» Work request:
Working from the listing below, pick each line containing the word "offset" and copy it.

» Input material:
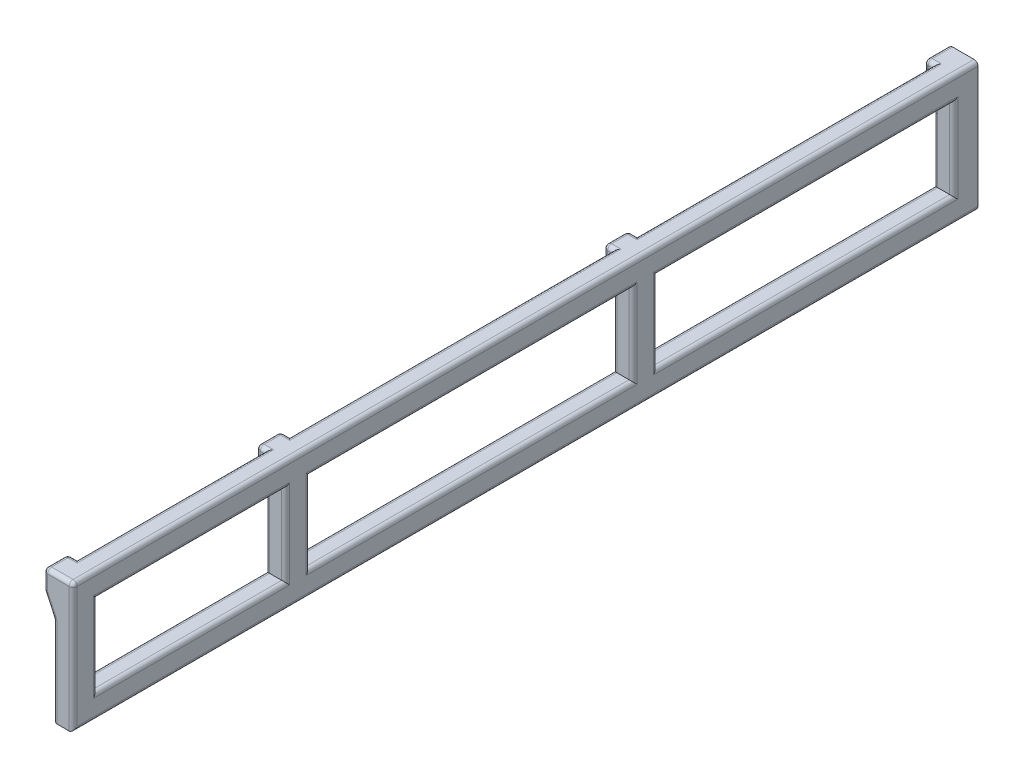
from build123d import *

# Parameters (mm, degrees)
ESBO_O8_W                = 80
ESBO_O8_H                = 20
ESBO_O8_W_2              = 73.38
ESBO_O8_W_3              = 46.62
RESSALTO_EXTRUS_O1_DEPTH = 5
RESSALTO_EXTRUS_O2_DEPTH = 6
RESSALTO_EXTRUS_O3_DEPTH = 6
RESSALTO_EXTRUS_O4_DEPTH = 6
RESSALTO_EXTRUS_O5_DEPTH = 6
FILETE1_R                = 1
FILETE2_R                = 1


with BuildPart() as part:
    # Esboço8 → Ressalto-extrusão1 (new body)
    with BuildSketch(Plane(origin=(0, 0, 0), x_dir=(0, 0, -1), z_dir=(1, 0, 0))):
        Polygon((95.558629268, 10), (-128.441370732, 10), (-128.441370732, 42), (70.171505342, 42), (95.558629268, 42), align=None)
        with Locations((-29.821370732, 26)):
            Rectangle(ESBO_O8_W, ESBO_O8_H, mode=Mode.SUBTRACT)
        with Locations((52.868629268, 26)):
            Rectangle(ESBO_O8_W_2, ESBO_O8_H, mode=Mode.SUBTRACT)
        with Locations((-99.131370732, 26)):
            Rectangle(ESBO_O8_W_3, ESBO_O8_H, mode=Mode.SUBTRACT)
    extrude(amount=-RESSALTO_EXTRUS_O1_DEPTH)

    # Esboço9 → Ressalto-extrusão2 (add)
    with BuildSketch(Plane.XY.offset(75.821370732)):
        Polygon((-7.299581581, 42), (-5, 42), (-5, 32.104391167), (-7.299581581, 37.035859781), align=None)
    extrude(amount=-RESSALTO_EXTRUS_O2_DEPTH)

    # Esboço10 → Ressalto-extrusão3 (add)
    with BuildSketch(Plane.XY.offset(-10.178629268)):
        Polygon((-5, 32.104391167), (-5, 36), (-5, 42), (-7.299581581, 42), (-7.299581581, 37.035859781), align=None)
    extrude(amount=-RESSALTO_EXTRUS_O3_DEPTH)

    # Esboço11 → Ressalto-extrusão4 (add)
    with BuildSketch(Plane.XY.offset(128.441370732)):
        Polygon((-5, 32.104391167), (-5, 36), (-5, 42), (-7.299581581, 42), (-7.299581581, 37.035859781), align=None)
    extrude(amount=-RESSALTO_EXTRUS_O4_DEPTH)

    # Esboço12 → Ressalto-extrusão5 (add)
    with BuildSketch(Plane.XY.offset(-89.558629268)):
        Polygon((-7.299581581, 42), (-7.299581581, 37.035859781), (-5, 32.104391167), (-5, 42), align=None)
    extrude(amount=-RESSALTO_EXTRUS_O5_DEPTH)

    # Filete1
    filete1_edges = [part.edges().sort_by_distance(p)[0] for p in [
        (-6.14979079, 34.570125474, 75.821370732),
        (-6.14979079, 34.570125474, 69.821370732),
        (-7.299581581, 37.035859781, 72.821370732),
        (-7.299581581, 39.51792989, 75.821370732),
        (-7.299581581, 39.51792989, 69.821370732),
        (-7.299581581, 37.035859781, 125.441370732),
        (-7.299581581, 37.035859781, -13.178629268),
        (-3.64979079, 42, 128.441370732),
        (-7.299581581, 42, 125.441370732),
        (-6.14979079, 42, 122.441370732),
        (-5, 42, 99.131370732),
        (-6.14979079, 42, 75.821370732),
        (-7.299581581, 42, 72.821370732),
        (-6.14979079, 42, 69.821370732),
        (-5, 42, 29.821370732),
        (-6.14979079, 42, -10.178629268),
        (-7.299581581, 42, -13.178629268),
        (-6.14979079, 42, -16.178629268),
        (-5, 42, -52.868629268),
        (-6.14979079, 42, -89.558629268),
        (0, 10, 16.441370732),
        (0, 26, 128.441370732),
        (0, 42, 16.441370732),
        (0, 26, -16.178629268),
        (0, 16, -52.868629268),
        (0, 26, -89.558629268),
        (0, 36, -52.868629268),
        (0, 26, 75.821370732),
        (0, 36, 99.131370732),
        (0, 26, 122.441370732),
        (0, 16, 99.131370732),
        (0, 36, 29.821370732),
        (0, 26, 69.821370732),
        (0, 16, 29.821370732),
        (0, 26, -10.178629268),
        (-5, 24.052195584, -89.558629268),
        (-5, 16, -52.868629268),
        (-5, 24.052195584, -16.178629268),
        (-5, 32.104391167, -13.178629268),
        (-5, 24.052195584, -10.178629268),
        (-5, 16, 29.821370732),
        (-5, 24.052195584, 69.821370732),
        (-5, 32.104391167, 72.821370732),
        (-5, 24.052195584, 75.821370732),
        (-5, 16, 99.131370732),
        (-5, 24.052195584, 122.441370732),
        (-5, 32.104391167, 125.441370732),
        (-5, 21.052195584, 128.441370732),
        (-5, 10, 16.441370732),
        (-5, 36, -52.868629268),
        (-5, 36, 29.821370732),
        (-5, 36, 99.131370732),
        (-6.14979079, 34.570125474, -89.558629268),
        (-6.14979079, 34.570125474, 128.441370732),
        (-6.14979079, 34.570125474, 122.441370732),
        (-6.14979079, 34.570125474, -10.178629268),
        (-6.14979079, 34.570125474, -16.178629268),
        (-7.299581581, 39.51792989, 128.441370732),
        (-7.299581581, 39.51792989, 122.441370732),
        (-7.299581581, 39.51792989, -10.178629268),
        (-7.299581581, 39.51792989, -16.178629268),
        (-7.299581581, 42, -92.558629268),
        (-5, 32.104391167, -92.558629268),
        (-7.299581581, 37.035859781, -92.558629268),
        (-7.299581581, 39.51792989, -89.558629268),
    ]]
    fillet(filete1_edges, radius=FILETE1_R)

    # Filete2
    # the kernel refuses this fillet: 1 mm, written as the material it takes off along each edge
    with BuildSketch(Plane(origin=(-6, 31.882696504, -95.558629268), x_dir=(-0.80118997671776, -0.5984100777953153, 0), z_dir=(-0.5984100777953153, 0.80118997671776, 0))) as filete2_piece_1:
        with BuildLine():
            CenterArc((1 + FILETE2_R, FILETE2_R), FILETE2_R, 180, 90)
            Line((1, FILETE2_R), (1, 0))
            Line((1, 0), (1 + FILETE2_R, 0))
        make_face()
    revolve(axis=Axis((-6, 31.882696504, -95.558629268), (0, 0, 1)), revolution_arc=168.243887481, mode=Mode.SUBTRACT)
    with BuildSketch(Plane(origin=(-6.299581581, 37.257554444, -95.558629268), x_dir=(-1, 0, 0), z_dir=(0, 1, 0))) as filete2_piece_2:
        with BuildLine():
            CenterArc((1 - FILETE2_R, FILETE2_R), FILETE2_R, 270, 90)
            Line((1, FILETE2_R), (1, 0))
            Line((1, 0), (1 - FILETE2_R, 0))
        make_face()
    revolve(axis=Axis((-6.299581581, 37.257554444, -95.558629268), (0, 0, 1)), revolution_arc=25, mode=Mode.SUBTRACT)
    with BuildSketch(Plane(origin=(-7.205889368, 36.834936182, -95.558629268), x_dir=(0.9063077870366507, 0.4226182617406979, 0), z_dir=(0.42261826174069794, -0.9063077870366507, 0))) as filete2_piece_3:
        with BuildLine():
            CenterArc((FILETE2_R, FILETE2_R), FILETE2_R, 180, 90)
            Line((0, FILETE2_R), (0, 0))
            Line((0, 0), (FILETE2_R, 0))
        make_face()
    extrude(amount=4.997884251, mode=Mode.SUBTRACT)
    with BuildSketch(Plane(origin=(-7.299581581, 43.5, -95.558629268), x_dir=(1, 0, 0), z_dir=(0, -1, 0))) as filete2_piece_4:
        with BuildLine():
            CenterArc((FILETE2_R, FILETE2_R), FILETE2_R, 180, 90)
            Line((0, FILETE2_R), (0, 0))
            Line((0, 0), (FILETE2_R, 0))
        make_face()
    extrude(amount=6.242445556, mode=Mode.SUBTRACT)


solid = part.part

» Solution for this task:
    with BuildSketch(Plane.XY.offset(75.821370732)):
    with BuildSketch(Plane.XY.offset(-10.178629268)):
    with BuildSketch(Plane.XY.offset(128.441370732)):
    with BuildSketch(Plane.XY.offset(-89.558629268)):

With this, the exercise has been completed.